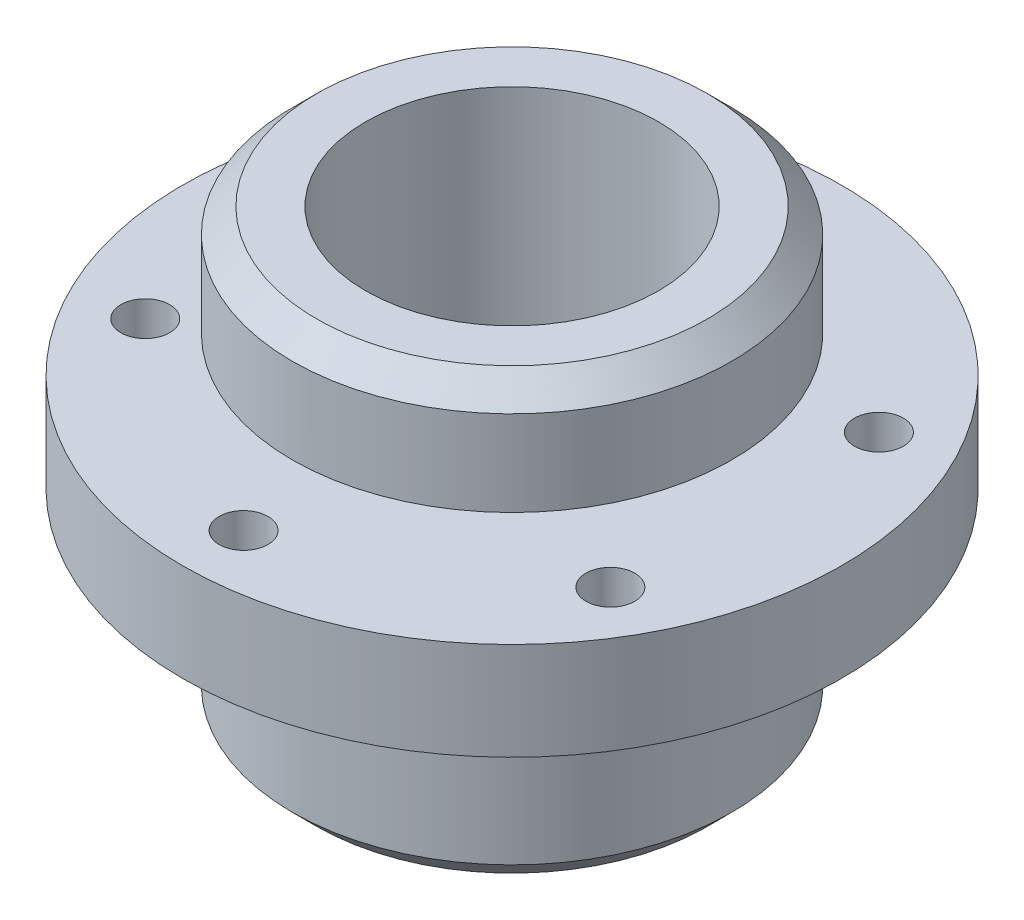
SolidWorks part; units mm, degrees
ref_plane "Front Plane" through (0, 0, 0) normal (0, 0, 1) x (1, 0, 0)
ref_plane "Top Plane" through (0, 0, 0) normal (0, 1, 0) x (1, 0, 0)
ref_plane "Right Plane" through (0, 0, 0) normal (1, 0, 0) x (0, 0, -1)
sketch "Sketch1" plane through (0, 0, 0) normal (0, 0, 1) x (1, 0, 0)
  line L0 (0, 63.408) -> (0, -63.408) construction
  line L1 (24, -46.7154) -> (36, -46.7154)
  line L2 (36, -46.7154) -> (36, -22.7154)
  line L3 (36, -22.7154) -> (27.1645, -22.7154)
  line L4 (27.1645, -22.7154) -> (27.1645, -14.7154)
  line L5 (27.1645, -14.7154) -> (54, -14.7154)
  line L6 (54, -14.7154) -> (54, 1.2846)
  line L7 (54, 1.2846) -> (27.1645, 1.2846)
  line L8 (27.1645, 1.2846) -> (27.1645, 7.2846)
  line L9 (27.1645, 7.2846) -> (36, 7.2846)
  line L10 (36, 7.2846) -> (36, 25.2846)
  line L11 (36, 25.2846) -> (24, 25.2846)
  line L12 (24, 25.2846) -> (24, -46.7154)
  point P4 (0, 0)
  point P8 (0, -46.7154)
  dimension "D1" = 36
  dimension "D2" = 32
  dimension "D3" = 8
  dimension "D4" = 16
  dimension "D5" = 54
  dimension "D6" = 6
  dimension "D8" = 24
revolve "Revolve1" add sketch "Sketch1" angle 360 about L0
sketch "Sketch2" plane through (0, 1.2846, 0) normal (0, 1, 0) x (1, 0, 0)
  line L0 (0, 0) -> (0, 54) construction
  circle A0 centre (0, 0) radius 54 construction
  circle A1 centre (0, 44) radius 4
  dimension "D2" = 8
  dimension "D1" = 44
extrude "Cut-Extrude1" cut sketch "Sketch2" against normal up to surface (16 mm away) up to face at (0, -14.7154, 54)
pattern_circular "CirPattern1" count 6 every 60 about axis through (0, 0, 0) along (0, 1, 0) of "Cut-Extrude1"
chamfer "Chamfer1" distance 4 angle 45 1 edges at (0, 25.2846, 36)
chamfer "Chamfer2" distance 4 angle 45 1 edges at (0, -46.7154, 36)
fillet "Fillet1" radius 4 1 edges at (0, -22.7154, 27.1645)
fillet "Fillet2" radius 4 1 edges at (0, 7.2846, 27.1645)
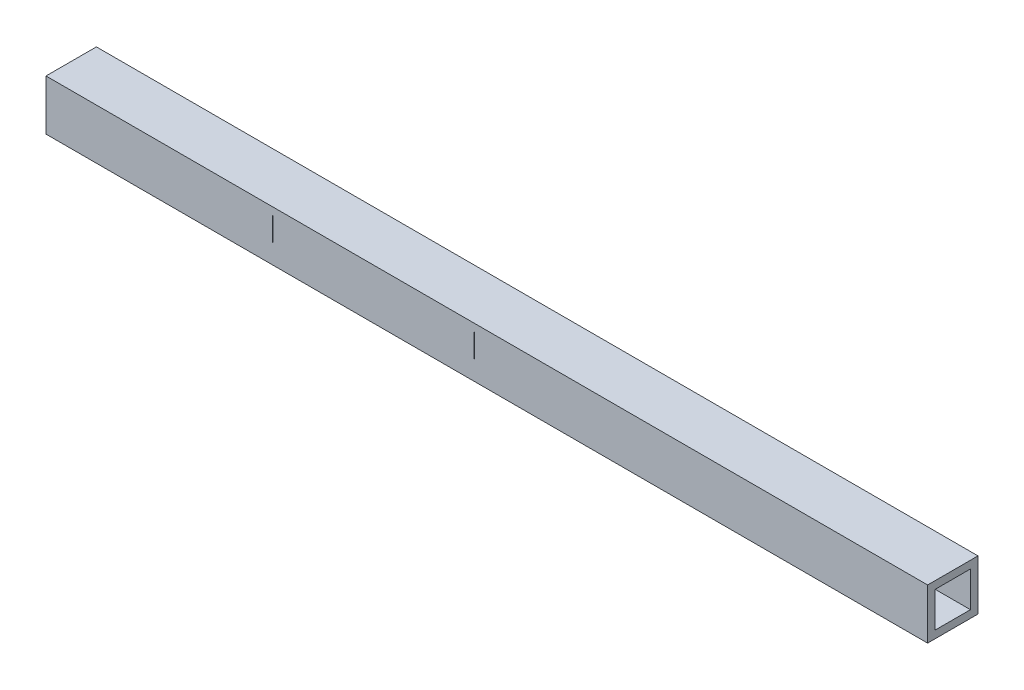
SolidWorks part; units mm, degrees
ref_plane "Alzado" through (0, 0, 0) normal (0, 0, 1) x (1, 0, 0)
ref_plane "Planta" through (0, 0, 0) normal (0, 1, 0) x (1, 0, 0)
ref_plane "Vista lateral" through (0, 0, 0) normal (1, 0, 0) x (0, 0, -1)
ref_plane "Plano1" through (0, -5, 0) normal (0, -1, 0) x (1, 0, 0)
sketch "Croquis1" plane through (0, -5, 0) normal (0, -1, 0) x (1, 0, 0)
  line L0 (0, 5) -> (0, -5)
  line L1 (0, -5) -> (175, -5)
  line L2 (175, -5) -> (175, 5)
  line L3 (175, 5) -> (0, 5)
  dimension "D1" = 175
extrude "Saliente-Extruir1" add sketch "Croquis1" against normal blind 10
sketch "Croquis2" plane through (0, 0, 0) normal (-1, 0, 0) x (0, 0, 1)
  line L0 (3.5, 3.5) -> (-3.5, 3.5)
  line L1 (-3.5, 3.5) -> (-3.5, -3.5)
  line L2 (-3.5, -3.5) -> (3.5, -3.5)
  line L3 (3.5, -3.5) -> (3.5, 3.5)
extrude "Cortar-Extruir1" cut sketch "Croquis2" against normal through all
sketch "Croquis3" plane through (0, 0, 5) normal (0, 0, 1) x (1, 0, 0)
  line L0 (25.01, -1.1667) -> (25.01, 3.5)
  line L1 (25.01, 3.5) -> (24.99, 3.5)
  line L2 (24.99, 3.5) -> (24.99, -1.1667)
  line L3 (24.99, -1.1667) -> (25.01, -1.1667)
extrude "Cortar-Extruir2" cut sketch "Croquis3" against normal blind 0.02
sketch "Croquis4" plane through (0, 0, 5) normal (0, 0, 1) x (1, 0, 0)
  line L0 (35.01, -1.1667) -> (35.01, 3.5)
  line L1 (35.01, 3.5) -> (34.99, 3.5)
  line L2 (34.99, 3.5) -> (34.99, -1.1667)
  line L3 (34.99, -1.1667) -> (35.01, -1.1667)
extrude "Cortar-Extruir3" cut sketch "Croquis4" against normal blind 0.02
sketch "Croquis5" plane through (0, 0, 5) normal (0, 0, 1) x (1, 0, 0)
  line L0 (45.01, -1.1667) -> (45.01, 3.5)
  line L1 (45.01, 3.5) -> (44.99, 3.5)
  line L2 (44.99, 3.5) -> (44.99, -1.1667)
  line L3 (44.99, -1.1667) -> (45.01, -1.1667)
extrude "Cortar-Extruir4" cut sketch "Croquis5" against normal blind 0.02
sketch "Croquis6" plane through (0, 0, 5) normal (0, 0, 1) x (1, 0, 0)
  line L0 (55.01, -1.1667) -> (55.01, 3.5)
  line L1 (55.01, 3.5) -> (54.99, 3.5)
  line L2 (54.99, 3.5) -> (54.99, -1.1667)
  line L3 (54.99, -1.1667) -> (55.01, -1.1667)
extrude "Cortar-Extruir5" cut sketch "Croquis6" against normal blind 0.02
sketch "Croquis7" plane through (0, 0, 5) normal (0, 0, 1) x (1, 0, 0)
  line L0 (65.01, -1.1667) -> (65.01, 3.5)
  line L1 (65.01, 3.5) -> (64.99, 3.5)
  line L2 (64.99, 3.5) -> (64.99, -1.1667)
  line L3 (64.99, -1.1667) -> (65.01, -1.1667)
extrude "Cortar-Extruir6" cut sketch "Croquis7" against normal blind 0.02
sketch "Croquis8" plane through (0, 0, 5) normal (0, 0, 1) x (1, 0, 0)
  line L0 (75.01, -1.1667) -> (75.01, 3.5)
  line L1 (75.01, 3.5) -> (74.99, 3.5)
  line L2 (74.99, 3.5) -> (74.99, -1.1667)
  line L3 (74.99, -1.1667) -> (75.01, -1.1667)
extrude "Cortar-Extruir7" cut sketch "Croquis8" against normal blind 0.02
sketch "Croquis9" plane through (0, 0, 5) normal (0, 0, 1) x (1, 0, 0)
  line L0 (85.01, -1.1667) -> (85.01, 3.5)
  line L1 (85.01, 3.5) -> (84.99, 3.5)
  line L2 (84.99, 3.5) -> (84.99, -1.1667)
  line L3 (84.99, -1.1667) -> (85.01, -1.1667)
extrude "Cortar-Extruir8" cut sketch "Croquis9" against normal blind 0.02
sketch "Croquis10" plane through (0, 0, 5) normal (0, 0, 1) x (1, 0, 0)
  line L0 (15.01, -1.1667) -> (15.01, 3.5)
  line L1 (15.01, 3.5) -> (14.99, 3.5)
  line L2 (14.99, 3.5) -> (14.99, -1.1667)
  line L3 (14.99, -1.1667) -> (15.01, -1.1667)
extrude "Cortar-Extruir9" cut sketch "Croquis10" against normal blind 0.02
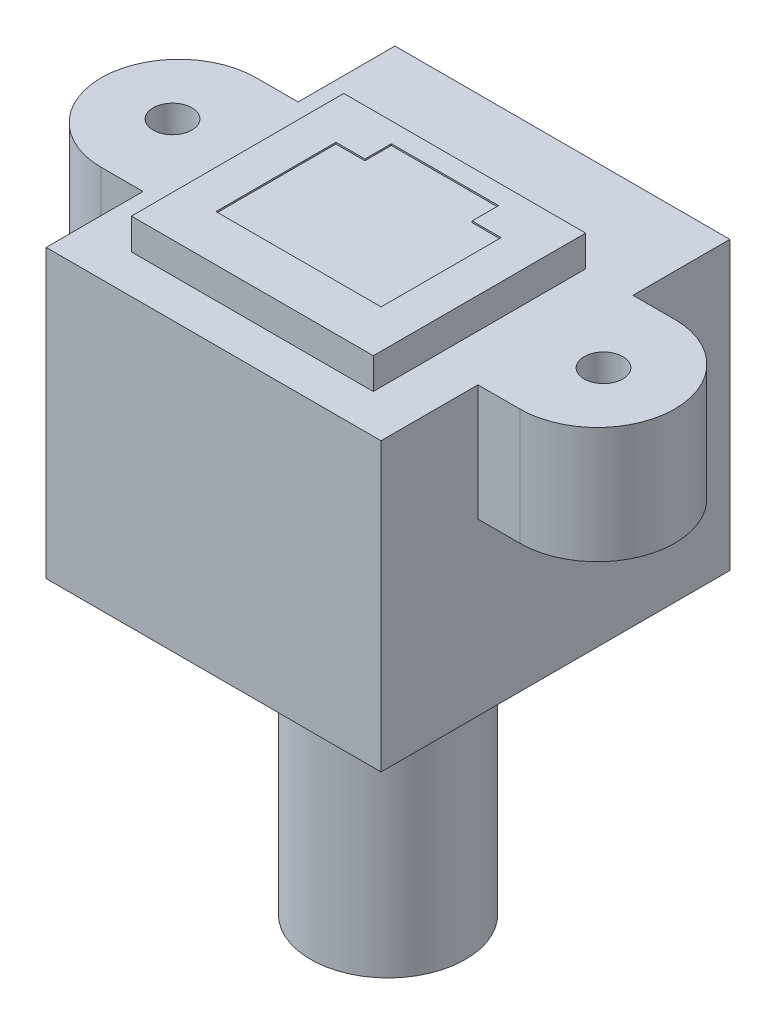
SolidWorks part; units mm, degrees
ref_plane "前视基准面" through (0, 0, 0) normal (0, 0, 1) x (1, 0, 0)
ref_plane "上视基准面" through (0, 0, 0) normal (0, 1, 0) x (1, 0, 0)
ref_plane "右视基准面" through (0, 0, 0) normal (1, 0, 0) x (0, 0, -1)
sketch "草图1" plane through (0, 0, 0) normal (0, 1, 0) x (1, 0, 0)
  line L1 (7.8, -6.85) -> (-7.8, -6.85)
  line L2 (7.8, -6.85) -> (7.8, 6.85)
  line L3 (7.8, 6.85) -> (-7.8, 6.85)
  line L4 (-7.8, -6.85) -> (-7.8, 6.85)
  line L5 (7.8, -6.85) -> (-7.8, 6.85) construction
  line L6 (7.8, 6.85) -> (-7.8, -6.85) construction
  point P0 (0, 0)
  dimension "D1" = 15.6
  dimension "D2" = 13.7
extrude "凸台-拉伸1" add sketch "草图1" along normal blind 2
sketch "草图3" plane through (0, 0, 0) normal (0, -1, 0) x (1, 0, 0)
  line L0 (0, 0) -> (0, 4.4279) construction
  line L1 (-10.8, 9.35) -> (10.8, 9.35)
  line L2 (-10.8, 9.35) -> (-10.8, 3.1)
  line L3 (-10.8, -13.15) -> (10.8, -13.15)
  line L4 (10.8, 9.35) -> (10.8, 3.1)
  line L5 (-7.8, 6.85) -> (7.8, 6.85) construction
  line L6 (-13.5, 3.1) -> (-10.8, 3.1)
  line L7 (-13.5, -6.9) -> (-10.8, -6.9)
  line L8 (13.5, 3.1) -> (10.8, 3.1)
  line L9 (-10.8, -6.9) -> (-10.8, -13.15)
  line L10 (10.8, -6.9) -> (13.5, -6.9)
  line L11 (10.8, -6.9) -> (10.8, -13.15)
  line L12 (-10.8, 9.35) -> (-10.8, -13.15) construction
  arc A0 (13.5, -6.9) -> (13.5, 3.1) centre (13.5, -1.9) ccw
  arc A1 (-13.5, 3.1) -> (-13.5, -6.9) centre (-13.5, -1.9) ccw
  point P10 (-10.8, -1.9)
  dimension "D4" = 27
  dimension "D5" = 10
  dimension "D1" = 21.6
  dimension "D2" = 22.5
  dimension "D3" = 2.5
extrude "凸台-拉伸2" add sketch "草图3" along normal blind 7.5
sketch "草图4" plane through (0, -7.5, 0) normal (0, -1, 0) x (1, 0, 0)
  line L1 (-10.8, 9.35) -> (10.8, 9.35)
  line L2 (-10.8, 9.35) -> (-10.8, -13.15)
  line L3 (-10.8, -13.15) -> (10.8, -13.15)
  line L4 (10.8, 9.35) -> (10.8, -13.15)
extrude "凸台-拉伸3" add sketch "草图4" along normal blind 15
chamfer "倒角1" distance 4 angle 45 4 edges at (0, -22.5, 9.35) (10.8, -22.5, -1.9) (0, -22.5, -13.15) (-10.8, -22.5, -1.9)
sketch "草图5" plane through (0, -22.5, 0) normal (0, -1, 0) x (1, 0, 0)
  line L0 (0, 5.35) -> (0, -9.15) construction
  line L1 (6.8, 5.35) -> (-6.8, 5.35) construction
  line L2 (-6.8, -9.15) -> (6.8, -9.15) construction
  line L3 (6.8, -1.9) -> (-6.8, -1.9) construction
  line L4 (6.8, -9.15) -> (6.8, 5.35) construction
  line L5 (-6.8, 5.35) -> (-6.8, -9.15) construction
  circle A0 centre (0, -1.9) radius 5
  dimension "D1" = 10
extrude "凸台-拉伸4" add sketch "草图5" along normal blind 15
sketch "草图6" plane through (0, 2, 0) normal (0, 1, 0) x (1, 0, 0)
  line L0 (0, 0) -> (0, 6.85) construction
  line L1 (5.3267, -3.8696) -> (-5.3267, -3.8696)
  line L2 (5.3267, -3.8696) -> (5.3267, 3.8696)
  line L3 (5.3267, 3.8696) -> (3.4587, 3.8696)
  line L4 (-5.3267, -3.8696) -> (-5.3267, 3.8696)
  line L5 (5.3267, -3.8696) -> (-5.3267, 3.8696) construction
  line L6 (5.3267, 3.8696) -> (-5.3267, -3.8696) construction
  line L8 (-3.4587, 3.8696) -> (-3.4587, 5.5752)
  line L9 (-3.4587, 5.5752) -> (3.4587, 5.5752)
  line L10 (3.4587, 3.8696) -> (3.4587, 5.5752)
  line L11 (7.8, 6.85) -> (-7.8, 6.85) construction
  line L12 (-3.4587, 3.8696) -> (-5.3267, 3.8696)
  point P0 (0, 0)
extrude "切除-拉伸1" cut sketch "草图6" against normal blind 0.1
hole_wizard "M3 螺纹孔1" positions "草图7" profile "草图8" tap size "M3" standard "GB" end condition up to next
sketch "草图7" plane through (0, 0, 0) normal (0, 1, 0) x (1, 0, 0)
  line L0 (0, 0) -> (0, 4.8642) construction
  arc A0 (-13.5, 6.9) -> (-13.5, -3.1) centre (-13.5, 1.9) ccw construction
  point P0 (13.9, 1.9)
  point P2 (-13.9, 1.9)
  point P19 (-18.5, 1.9)
  dimension "D1" = 27.8
sketch "草图8" plane through (13.9, 0, -1.9) normal (1, 0, 0) x (0, 0, 1)
  line L0 (0, 0) -> (0, 7.5)
  line L1 (0, 7.5) -> (1.25, 7.5)
  line L2 (1.25, 7.5) -> (1.25, 0)
  line L5 (1.25, 0) -> (0, 0)
  line L11 (0, -6.35) -> (0, 107.95) construction
  dimension "通孔螺纹孔钻头直径" = 2.5
  dimension "通孔螺纹孔钻头深度" = 7.5
cosmetic thread "孔螺蚊线1" parameters "D2"=3
cosmetic thread "孔螺蚊线2" parameters "D2"=3

◆ ◆ ◆ ◆

Work task
Reproduce exactly, with no pictures, the lines above from the one holding "(0, -14.7154, 54)" to the one holding "line L2 (-3.5, -3.5) -> (3.5, -3.5)", inclusive.

Written response
extrude "Cut-Extrude1" cut sketch "Sketch2" against normal up to surface (16 mm away) up to face at (0, -14.7154, 54)
pattern_circular "CirPattern1" count 6 every 60 about axis through (0, 0, 0) along (0, 1, 0) of "Cut-Extrude1"
chamfer "Chamfer1" distance 4 angle 45 1 edges at (0, 25.2846, 36)
chamfer "Chamfer2" distance 4 angle 45 1 edges at (0, -46.7154, 36)
fillet "Fillet1" radius 4 1 edges at (0, -22.7154, 27.1645)
fillet "Fillet2" radius 4 1 edges at (0, 7.2846, 27.1645)
SolidWorks part; units mm, degrees
ref_plane "Alzado" through (0, 0, 0) normal (0, 0, 1) x (1, 0, 0)
ref_plane "Planta" through (0, 0, 0) normal (0, 1, 0) x (1, 0, 0)
ref_plane "Vista lateral" through (0, 0, 0) normal (1, 0, 0) x (0, 0, -1)
ref_plane "Plano1" through (0, -5, 0) normal (0, -1, 0) x (1, 0, 0)
sketch "Croquis1" plane through (0, -5, 0) normal (0, -1, 0) x (1, 0, 0)
  line L0 (0, 5) -> (0, -5)
  line L1 (0, -5) -> (175, -5)
  line L2 (175, -5) -> (175, 5)
  line L3 (175, 5) -> (0, 5)
  dimension "D1" = 175
extrude "Saliente-Extruir1" add sketch "Croquis1" against normal blind 10
sketch "Croquis2" plane through (0, 0, 0) normal (-1, 0, 0) x (0, 0, 1)
  line L0 (3.5, 3.5) -> (-3.5, 3.5)
  line L1 (-3.5, 3.5) -> (-3.5, -3.5)
  line L2 (-3.5, -3.5) -> (3.5, -3.5)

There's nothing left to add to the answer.